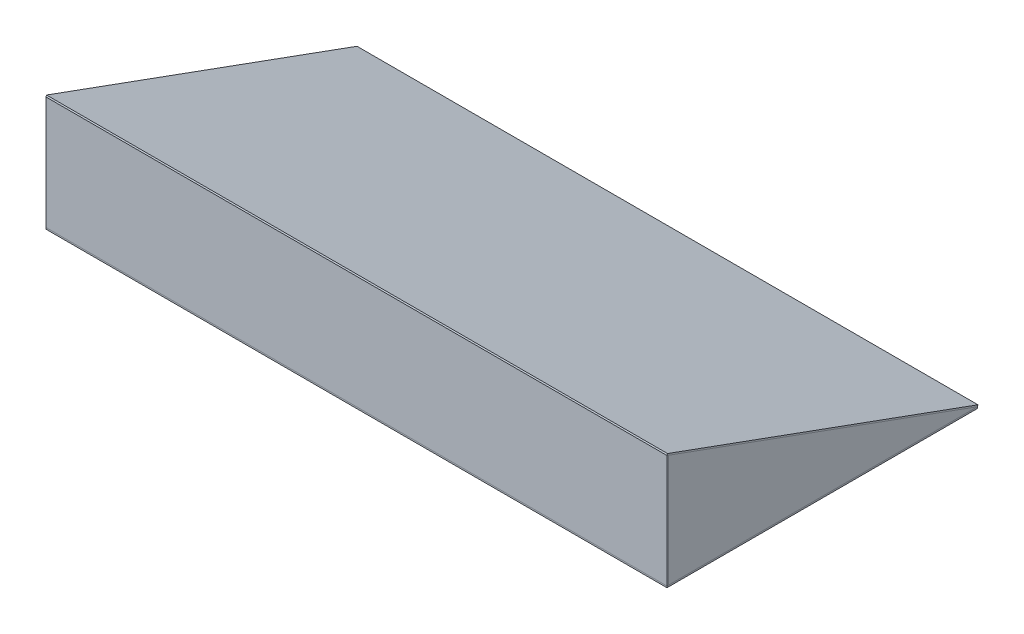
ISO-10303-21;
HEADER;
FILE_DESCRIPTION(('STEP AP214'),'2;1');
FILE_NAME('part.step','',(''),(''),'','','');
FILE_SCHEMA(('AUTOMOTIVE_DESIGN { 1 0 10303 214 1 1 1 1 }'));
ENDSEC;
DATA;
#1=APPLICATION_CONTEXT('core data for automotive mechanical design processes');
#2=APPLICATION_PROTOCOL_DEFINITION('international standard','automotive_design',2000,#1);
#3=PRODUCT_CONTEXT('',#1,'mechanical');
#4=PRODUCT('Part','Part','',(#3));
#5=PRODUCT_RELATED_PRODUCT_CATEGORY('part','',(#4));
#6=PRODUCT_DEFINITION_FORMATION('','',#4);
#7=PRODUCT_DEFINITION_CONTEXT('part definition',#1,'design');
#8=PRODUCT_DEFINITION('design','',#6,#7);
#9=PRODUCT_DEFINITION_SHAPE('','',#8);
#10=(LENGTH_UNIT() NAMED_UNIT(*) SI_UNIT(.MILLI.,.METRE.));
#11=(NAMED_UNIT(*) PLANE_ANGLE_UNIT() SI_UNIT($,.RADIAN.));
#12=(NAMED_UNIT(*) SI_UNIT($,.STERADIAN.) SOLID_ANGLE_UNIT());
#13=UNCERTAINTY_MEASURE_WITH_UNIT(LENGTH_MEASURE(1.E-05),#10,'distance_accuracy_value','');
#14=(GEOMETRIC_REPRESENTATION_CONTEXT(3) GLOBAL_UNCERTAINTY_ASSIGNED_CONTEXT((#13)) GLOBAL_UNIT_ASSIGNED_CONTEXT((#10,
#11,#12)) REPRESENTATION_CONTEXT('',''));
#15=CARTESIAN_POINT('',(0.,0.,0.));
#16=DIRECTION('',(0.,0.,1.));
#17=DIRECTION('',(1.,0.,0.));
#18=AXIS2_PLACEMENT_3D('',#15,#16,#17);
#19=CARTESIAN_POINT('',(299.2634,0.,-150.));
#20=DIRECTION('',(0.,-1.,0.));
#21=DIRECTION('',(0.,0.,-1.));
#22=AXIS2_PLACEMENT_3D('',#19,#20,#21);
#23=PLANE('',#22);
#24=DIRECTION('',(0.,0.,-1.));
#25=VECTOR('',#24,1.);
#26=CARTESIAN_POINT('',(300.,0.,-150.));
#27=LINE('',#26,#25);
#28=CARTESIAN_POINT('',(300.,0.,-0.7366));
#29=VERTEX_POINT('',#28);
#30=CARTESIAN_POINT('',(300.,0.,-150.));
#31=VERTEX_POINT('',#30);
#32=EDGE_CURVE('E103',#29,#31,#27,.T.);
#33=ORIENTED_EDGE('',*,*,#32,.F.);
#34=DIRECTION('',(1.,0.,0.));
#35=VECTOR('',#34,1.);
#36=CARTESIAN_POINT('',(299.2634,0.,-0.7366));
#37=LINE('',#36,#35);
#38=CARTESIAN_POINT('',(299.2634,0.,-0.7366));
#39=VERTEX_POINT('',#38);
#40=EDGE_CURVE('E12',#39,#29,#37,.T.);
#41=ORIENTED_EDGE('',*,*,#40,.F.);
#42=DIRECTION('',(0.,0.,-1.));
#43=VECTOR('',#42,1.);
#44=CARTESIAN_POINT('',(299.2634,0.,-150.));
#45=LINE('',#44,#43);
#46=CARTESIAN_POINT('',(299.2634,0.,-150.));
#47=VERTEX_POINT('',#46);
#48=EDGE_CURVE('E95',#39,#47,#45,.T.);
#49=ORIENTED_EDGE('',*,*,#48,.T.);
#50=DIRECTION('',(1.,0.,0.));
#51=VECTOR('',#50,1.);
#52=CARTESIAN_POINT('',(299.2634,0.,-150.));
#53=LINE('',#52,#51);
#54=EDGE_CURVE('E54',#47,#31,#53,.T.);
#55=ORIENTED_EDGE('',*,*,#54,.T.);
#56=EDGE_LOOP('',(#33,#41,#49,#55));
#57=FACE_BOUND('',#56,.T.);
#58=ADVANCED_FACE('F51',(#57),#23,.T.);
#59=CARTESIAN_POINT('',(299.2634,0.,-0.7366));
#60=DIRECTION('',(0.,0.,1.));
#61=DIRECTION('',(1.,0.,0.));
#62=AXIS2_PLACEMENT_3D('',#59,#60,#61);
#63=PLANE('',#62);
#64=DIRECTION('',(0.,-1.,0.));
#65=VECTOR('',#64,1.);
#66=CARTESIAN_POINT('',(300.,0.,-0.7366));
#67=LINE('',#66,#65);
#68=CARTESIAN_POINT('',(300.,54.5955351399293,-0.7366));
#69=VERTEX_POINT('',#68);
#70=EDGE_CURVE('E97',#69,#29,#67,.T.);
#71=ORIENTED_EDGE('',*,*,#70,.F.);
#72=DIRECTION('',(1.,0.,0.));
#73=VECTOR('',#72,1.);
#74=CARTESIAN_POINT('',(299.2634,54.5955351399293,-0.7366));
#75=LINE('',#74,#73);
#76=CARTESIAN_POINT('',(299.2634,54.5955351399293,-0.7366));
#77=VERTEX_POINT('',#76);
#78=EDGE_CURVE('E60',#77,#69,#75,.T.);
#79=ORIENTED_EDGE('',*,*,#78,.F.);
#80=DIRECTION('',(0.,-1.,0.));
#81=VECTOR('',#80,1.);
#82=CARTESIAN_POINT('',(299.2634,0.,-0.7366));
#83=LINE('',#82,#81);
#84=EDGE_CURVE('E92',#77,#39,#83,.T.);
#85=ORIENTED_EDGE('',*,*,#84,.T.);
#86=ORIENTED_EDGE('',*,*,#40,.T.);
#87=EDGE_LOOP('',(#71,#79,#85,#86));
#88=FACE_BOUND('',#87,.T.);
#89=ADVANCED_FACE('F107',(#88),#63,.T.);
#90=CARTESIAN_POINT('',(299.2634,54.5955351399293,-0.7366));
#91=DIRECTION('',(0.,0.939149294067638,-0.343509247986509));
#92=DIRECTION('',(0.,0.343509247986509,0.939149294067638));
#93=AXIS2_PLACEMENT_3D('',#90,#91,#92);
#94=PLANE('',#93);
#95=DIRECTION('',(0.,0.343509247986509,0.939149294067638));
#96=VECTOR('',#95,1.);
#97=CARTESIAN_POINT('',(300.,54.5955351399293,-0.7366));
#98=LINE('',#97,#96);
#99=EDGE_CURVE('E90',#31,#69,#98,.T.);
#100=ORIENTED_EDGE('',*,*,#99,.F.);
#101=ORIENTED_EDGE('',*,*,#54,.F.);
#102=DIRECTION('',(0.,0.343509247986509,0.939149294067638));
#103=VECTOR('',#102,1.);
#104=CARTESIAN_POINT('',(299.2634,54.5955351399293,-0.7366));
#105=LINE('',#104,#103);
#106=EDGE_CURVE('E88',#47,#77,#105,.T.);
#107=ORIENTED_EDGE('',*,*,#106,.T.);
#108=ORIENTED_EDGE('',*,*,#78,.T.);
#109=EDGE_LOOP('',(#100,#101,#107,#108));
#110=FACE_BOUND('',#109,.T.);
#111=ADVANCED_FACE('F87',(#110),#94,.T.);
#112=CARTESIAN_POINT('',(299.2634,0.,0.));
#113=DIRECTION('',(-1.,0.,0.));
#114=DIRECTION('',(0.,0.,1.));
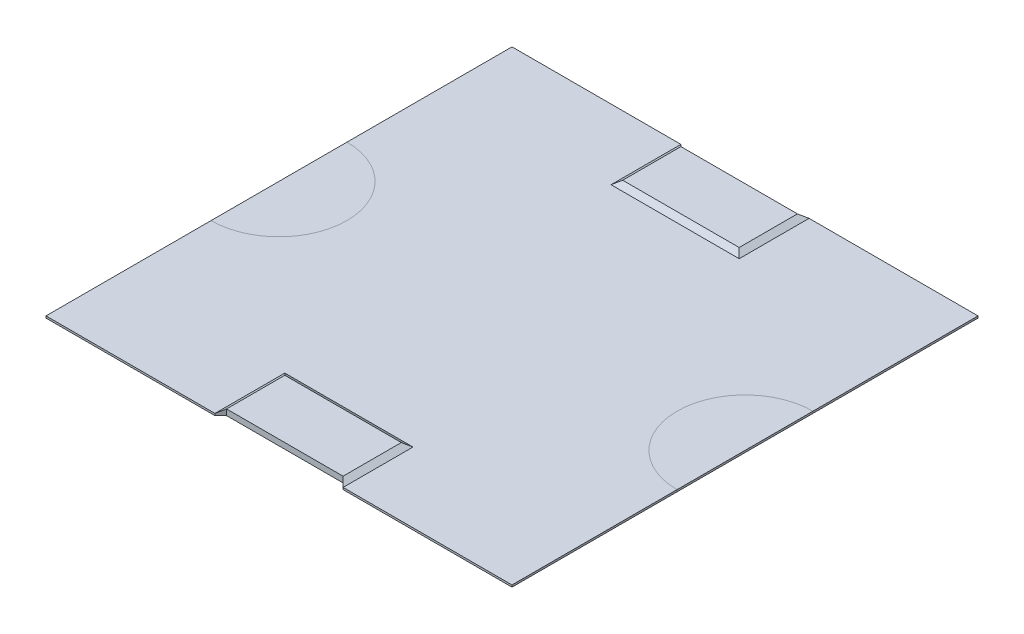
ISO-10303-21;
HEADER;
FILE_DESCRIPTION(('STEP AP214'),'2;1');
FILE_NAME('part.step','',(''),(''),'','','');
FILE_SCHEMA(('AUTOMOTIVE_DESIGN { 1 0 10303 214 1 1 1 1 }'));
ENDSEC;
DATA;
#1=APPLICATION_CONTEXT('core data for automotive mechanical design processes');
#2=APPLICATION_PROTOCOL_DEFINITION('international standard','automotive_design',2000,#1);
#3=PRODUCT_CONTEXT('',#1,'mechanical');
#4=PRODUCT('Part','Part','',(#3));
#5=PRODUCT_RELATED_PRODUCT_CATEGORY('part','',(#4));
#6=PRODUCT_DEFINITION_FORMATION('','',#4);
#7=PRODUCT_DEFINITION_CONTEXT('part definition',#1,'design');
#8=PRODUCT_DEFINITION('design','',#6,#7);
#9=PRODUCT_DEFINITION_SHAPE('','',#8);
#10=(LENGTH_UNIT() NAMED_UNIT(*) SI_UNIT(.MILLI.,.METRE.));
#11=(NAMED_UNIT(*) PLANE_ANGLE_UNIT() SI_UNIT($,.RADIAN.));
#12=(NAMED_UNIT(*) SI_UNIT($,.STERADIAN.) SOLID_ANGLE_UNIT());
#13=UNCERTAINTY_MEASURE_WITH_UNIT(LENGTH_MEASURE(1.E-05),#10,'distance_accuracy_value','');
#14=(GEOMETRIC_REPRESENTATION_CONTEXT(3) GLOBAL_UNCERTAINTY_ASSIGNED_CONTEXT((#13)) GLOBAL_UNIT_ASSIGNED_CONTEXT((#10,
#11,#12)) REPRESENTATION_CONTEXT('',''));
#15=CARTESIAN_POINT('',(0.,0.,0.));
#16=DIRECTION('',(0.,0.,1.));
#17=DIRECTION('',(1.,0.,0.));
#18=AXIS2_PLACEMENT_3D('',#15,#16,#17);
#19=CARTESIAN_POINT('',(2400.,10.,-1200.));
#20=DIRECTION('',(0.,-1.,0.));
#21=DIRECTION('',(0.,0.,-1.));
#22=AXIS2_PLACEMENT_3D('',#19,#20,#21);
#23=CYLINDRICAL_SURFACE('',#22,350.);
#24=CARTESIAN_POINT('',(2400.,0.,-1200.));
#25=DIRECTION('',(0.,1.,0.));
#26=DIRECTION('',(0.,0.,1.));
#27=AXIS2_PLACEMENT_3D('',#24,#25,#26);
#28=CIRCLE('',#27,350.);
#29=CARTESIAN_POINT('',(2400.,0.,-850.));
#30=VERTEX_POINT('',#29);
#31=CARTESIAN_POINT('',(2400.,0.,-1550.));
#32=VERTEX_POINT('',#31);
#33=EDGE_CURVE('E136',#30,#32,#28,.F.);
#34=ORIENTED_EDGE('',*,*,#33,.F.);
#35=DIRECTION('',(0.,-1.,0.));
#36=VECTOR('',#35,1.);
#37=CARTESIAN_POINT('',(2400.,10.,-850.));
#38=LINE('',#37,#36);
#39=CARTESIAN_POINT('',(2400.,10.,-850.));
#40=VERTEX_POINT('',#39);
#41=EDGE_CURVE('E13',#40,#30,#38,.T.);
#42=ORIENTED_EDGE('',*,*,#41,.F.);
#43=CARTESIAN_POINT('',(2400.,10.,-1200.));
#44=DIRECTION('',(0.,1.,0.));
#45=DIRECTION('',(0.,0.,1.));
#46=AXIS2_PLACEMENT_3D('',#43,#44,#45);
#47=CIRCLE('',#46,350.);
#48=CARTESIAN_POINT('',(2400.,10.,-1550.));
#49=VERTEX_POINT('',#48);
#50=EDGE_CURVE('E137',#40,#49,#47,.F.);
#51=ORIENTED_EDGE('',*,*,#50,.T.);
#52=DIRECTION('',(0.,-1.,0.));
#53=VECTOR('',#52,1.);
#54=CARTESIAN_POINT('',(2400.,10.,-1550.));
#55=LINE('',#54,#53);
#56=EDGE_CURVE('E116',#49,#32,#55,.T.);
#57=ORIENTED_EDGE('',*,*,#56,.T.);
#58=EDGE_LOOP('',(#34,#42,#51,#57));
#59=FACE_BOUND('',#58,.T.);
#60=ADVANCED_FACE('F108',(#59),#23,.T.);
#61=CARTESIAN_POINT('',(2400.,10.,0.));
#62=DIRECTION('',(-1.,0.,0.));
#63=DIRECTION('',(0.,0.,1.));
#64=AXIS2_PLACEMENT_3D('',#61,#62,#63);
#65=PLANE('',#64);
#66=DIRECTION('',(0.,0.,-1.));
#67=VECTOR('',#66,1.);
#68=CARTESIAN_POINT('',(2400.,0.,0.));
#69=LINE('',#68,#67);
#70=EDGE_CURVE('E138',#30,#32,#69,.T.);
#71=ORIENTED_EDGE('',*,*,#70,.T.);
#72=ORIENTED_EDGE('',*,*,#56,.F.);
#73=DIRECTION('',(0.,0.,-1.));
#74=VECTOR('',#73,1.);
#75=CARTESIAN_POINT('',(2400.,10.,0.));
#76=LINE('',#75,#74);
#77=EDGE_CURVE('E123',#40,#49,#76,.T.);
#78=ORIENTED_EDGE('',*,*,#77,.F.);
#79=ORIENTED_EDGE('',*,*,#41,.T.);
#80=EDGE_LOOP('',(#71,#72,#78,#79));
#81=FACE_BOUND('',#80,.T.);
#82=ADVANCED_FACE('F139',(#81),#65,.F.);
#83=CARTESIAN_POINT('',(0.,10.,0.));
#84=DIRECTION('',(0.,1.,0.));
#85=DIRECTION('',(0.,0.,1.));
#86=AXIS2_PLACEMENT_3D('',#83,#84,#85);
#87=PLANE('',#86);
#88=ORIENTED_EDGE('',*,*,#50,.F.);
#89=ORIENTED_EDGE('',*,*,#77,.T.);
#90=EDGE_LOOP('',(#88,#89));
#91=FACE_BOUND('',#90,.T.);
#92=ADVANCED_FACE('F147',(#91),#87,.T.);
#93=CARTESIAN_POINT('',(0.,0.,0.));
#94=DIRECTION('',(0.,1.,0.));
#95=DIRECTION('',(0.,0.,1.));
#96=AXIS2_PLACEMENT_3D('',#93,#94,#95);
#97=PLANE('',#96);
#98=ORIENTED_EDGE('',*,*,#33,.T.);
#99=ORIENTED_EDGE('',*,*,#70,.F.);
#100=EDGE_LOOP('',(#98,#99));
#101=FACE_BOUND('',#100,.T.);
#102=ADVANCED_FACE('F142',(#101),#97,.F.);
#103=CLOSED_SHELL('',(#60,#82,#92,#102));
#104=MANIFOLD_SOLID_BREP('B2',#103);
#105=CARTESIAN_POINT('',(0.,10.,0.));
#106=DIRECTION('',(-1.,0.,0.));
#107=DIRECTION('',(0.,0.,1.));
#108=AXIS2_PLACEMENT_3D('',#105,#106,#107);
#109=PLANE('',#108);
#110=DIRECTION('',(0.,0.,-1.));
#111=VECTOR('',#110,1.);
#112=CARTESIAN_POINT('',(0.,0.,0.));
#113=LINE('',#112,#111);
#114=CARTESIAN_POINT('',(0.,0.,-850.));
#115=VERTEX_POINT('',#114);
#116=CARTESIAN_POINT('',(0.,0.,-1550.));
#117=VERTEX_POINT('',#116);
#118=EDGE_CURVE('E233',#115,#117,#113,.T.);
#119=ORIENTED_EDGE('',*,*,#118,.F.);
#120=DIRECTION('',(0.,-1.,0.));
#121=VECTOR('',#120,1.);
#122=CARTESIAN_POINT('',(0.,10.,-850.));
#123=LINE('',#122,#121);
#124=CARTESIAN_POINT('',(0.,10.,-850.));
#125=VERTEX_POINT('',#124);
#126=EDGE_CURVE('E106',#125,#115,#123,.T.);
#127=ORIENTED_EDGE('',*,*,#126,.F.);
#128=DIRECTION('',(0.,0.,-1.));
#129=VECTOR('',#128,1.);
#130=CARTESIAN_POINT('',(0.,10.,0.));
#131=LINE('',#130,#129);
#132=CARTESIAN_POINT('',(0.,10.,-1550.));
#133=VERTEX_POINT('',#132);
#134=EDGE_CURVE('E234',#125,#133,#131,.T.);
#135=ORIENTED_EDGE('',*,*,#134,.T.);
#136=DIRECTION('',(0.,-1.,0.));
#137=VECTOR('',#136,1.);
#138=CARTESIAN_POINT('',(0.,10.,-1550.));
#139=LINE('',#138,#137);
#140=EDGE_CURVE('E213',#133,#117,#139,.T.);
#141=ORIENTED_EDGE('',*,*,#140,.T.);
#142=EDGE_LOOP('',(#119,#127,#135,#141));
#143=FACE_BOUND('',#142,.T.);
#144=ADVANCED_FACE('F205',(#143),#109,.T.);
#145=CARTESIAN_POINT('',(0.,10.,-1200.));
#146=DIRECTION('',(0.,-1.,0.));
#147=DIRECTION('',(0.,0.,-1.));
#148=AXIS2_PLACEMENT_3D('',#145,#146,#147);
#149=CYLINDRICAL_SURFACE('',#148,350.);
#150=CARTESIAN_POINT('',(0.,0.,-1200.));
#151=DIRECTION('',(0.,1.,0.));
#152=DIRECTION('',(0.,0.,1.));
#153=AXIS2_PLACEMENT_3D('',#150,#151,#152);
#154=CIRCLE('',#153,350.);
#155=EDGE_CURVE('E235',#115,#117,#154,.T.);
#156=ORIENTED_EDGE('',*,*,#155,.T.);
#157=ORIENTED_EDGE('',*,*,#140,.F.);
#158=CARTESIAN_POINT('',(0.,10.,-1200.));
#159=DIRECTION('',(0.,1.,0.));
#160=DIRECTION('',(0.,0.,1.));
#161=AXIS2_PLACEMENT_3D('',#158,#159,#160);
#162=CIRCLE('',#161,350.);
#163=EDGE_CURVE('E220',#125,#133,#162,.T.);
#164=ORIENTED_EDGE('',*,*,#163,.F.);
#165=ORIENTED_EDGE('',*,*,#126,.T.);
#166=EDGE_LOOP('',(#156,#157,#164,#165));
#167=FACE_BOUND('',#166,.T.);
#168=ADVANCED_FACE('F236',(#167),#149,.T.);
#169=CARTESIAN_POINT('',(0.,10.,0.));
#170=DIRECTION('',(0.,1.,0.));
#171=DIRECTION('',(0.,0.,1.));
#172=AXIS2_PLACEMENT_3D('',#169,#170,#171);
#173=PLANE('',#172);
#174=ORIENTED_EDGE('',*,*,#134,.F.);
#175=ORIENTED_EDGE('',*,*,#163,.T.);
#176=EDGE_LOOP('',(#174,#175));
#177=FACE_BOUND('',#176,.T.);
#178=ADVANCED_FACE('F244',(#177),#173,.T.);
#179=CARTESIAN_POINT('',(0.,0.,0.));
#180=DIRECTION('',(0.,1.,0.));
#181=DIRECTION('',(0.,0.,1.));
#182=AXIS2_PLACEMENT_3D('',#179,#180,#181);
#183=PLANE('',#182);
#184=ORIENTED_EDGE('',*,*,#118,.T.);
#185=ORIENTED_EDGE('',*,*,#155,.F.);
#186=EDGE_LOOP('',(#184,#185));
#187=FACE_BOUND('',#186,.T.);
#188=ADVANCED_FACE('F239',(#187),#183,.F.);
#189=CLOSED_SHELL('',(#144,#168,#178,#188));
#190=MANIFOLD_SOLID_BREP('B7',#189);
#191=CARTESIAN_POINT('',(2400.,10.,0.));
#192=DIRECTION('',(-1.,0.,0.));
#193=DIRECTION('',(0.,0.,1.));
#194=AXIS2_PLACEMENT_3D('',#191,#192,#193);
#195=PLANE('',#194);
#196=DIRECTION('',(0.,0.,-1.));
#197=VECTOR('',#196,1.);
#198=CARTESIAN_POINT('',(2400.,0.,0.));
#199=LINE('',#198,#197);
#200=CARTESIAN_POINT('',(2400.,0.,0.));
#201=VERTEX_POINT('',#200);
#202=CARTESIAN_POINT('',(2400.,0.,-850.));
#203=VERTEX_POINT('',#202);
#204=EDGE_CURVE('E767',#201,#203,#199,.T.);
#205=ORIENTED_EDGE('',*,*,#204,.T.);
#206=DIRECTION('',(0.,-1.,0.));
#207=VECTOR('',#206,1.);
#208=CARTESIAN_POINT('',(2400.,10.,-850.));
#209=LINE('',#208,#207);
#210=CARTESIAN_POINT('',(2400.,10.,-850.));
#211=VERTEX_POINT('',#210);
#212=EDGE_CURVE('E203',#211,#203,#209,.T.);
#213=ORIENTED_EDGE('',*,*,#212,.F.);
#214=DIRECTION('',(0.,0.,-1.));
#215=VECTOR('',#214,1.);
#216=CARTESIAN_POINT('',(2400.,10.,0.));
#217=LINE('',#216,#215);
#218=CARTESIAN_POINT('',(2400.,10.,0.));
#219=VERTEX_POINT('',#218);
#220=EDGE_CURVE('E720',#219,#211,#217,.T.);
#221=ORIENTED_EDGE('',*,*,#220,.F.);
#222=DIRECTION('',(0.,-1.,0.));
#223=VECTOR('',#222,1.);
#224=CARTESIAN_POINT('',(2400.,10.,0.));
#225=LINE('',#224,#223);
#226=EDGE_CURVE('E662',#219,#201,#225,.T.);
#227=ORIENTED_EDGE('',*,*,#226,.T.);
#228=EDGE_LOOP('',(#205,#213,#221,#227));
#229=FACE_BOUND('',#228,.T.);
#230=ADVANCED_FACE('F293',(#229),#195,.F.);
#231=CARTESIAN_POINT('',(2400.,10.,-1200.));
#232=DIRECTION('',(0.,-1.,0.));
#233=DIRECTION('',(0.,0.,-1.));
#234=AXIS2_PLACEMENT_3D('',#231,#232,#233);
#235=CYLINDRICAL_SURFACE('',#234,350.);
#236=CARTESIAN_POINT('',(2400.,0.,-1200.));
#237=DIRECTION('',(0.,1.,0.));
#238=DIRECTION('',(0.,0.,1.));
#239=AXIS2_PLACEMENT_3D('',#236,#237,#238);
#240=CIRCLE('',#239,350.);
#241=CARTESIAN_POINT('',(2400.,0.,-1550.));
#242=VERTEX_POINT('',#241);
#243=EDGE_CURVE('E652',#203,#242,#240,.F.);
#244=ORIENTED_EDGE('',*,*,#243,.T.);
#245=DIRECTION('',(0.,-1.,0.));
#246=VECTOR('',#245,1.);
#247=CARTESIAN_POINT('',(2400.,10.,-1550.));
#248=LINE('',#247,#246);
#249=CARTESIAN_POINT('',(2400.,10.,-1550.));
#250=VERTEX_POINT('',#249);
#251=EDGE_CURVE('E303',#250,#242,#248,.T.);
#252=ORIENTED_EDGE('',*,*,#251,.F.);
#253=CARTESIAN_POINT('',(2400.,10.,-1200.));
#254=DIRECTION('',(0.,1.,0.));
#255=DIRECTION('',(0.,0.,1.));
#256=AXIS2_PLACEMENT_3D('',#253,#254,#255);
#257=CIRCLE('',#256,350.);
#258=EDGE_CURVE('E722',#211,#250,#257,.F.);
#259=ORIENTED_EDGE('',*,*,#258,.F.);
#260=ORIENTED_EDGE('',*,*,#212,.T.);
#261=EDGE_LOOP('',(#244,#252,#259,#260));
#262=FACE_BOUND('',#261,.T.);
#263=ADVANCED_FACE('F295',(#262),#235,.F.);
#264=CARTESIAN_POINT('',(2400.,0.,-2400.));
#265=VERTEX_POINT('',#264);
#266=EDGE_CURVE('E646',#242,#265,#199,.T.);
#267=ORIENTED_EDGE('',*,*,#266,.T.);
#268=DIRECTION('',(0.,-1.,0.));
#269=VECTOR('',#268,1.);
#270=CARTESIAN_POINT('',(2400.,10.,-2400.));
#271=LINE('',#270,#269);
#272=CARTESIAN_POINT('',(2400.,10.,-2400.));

▶ [Task prompt]: Find where the line with "#97=PLANE('',#96);" sits in the material above, then copy exactly from it through the line with "#109=PLANE('',#108);". Add no other line.

▶ [Finished exercise]:
#97=PLANE('',#96);
#98=ORIENTED_EDGE('',*,*,#33,.T.);
#99=ORIENTED_EDGE('',*,*,#70,.F.);
#100=EDGE_LOOP('',(#98,#99));
#101=FACE_BOUND('',#100,.T.);
#102=ADVANCED_FACE('F142',(#101),#97,.F.);
#103=CLOSED_SHELL('',(#60,#82,#92,#102));
#104=MANIFOLD_SOLID_BREP('B2',#103);
#105=CARTESIAN_POINT('',(0.,10.,0.));
#106=DIRECTION('',(-1.,0.,0.));
#107=DIRECTION('',(0.,0.,1.));
#108=AXIS2_PLACEMENT_3D('',#105,#106,#107);
#109=PLANE('',#108);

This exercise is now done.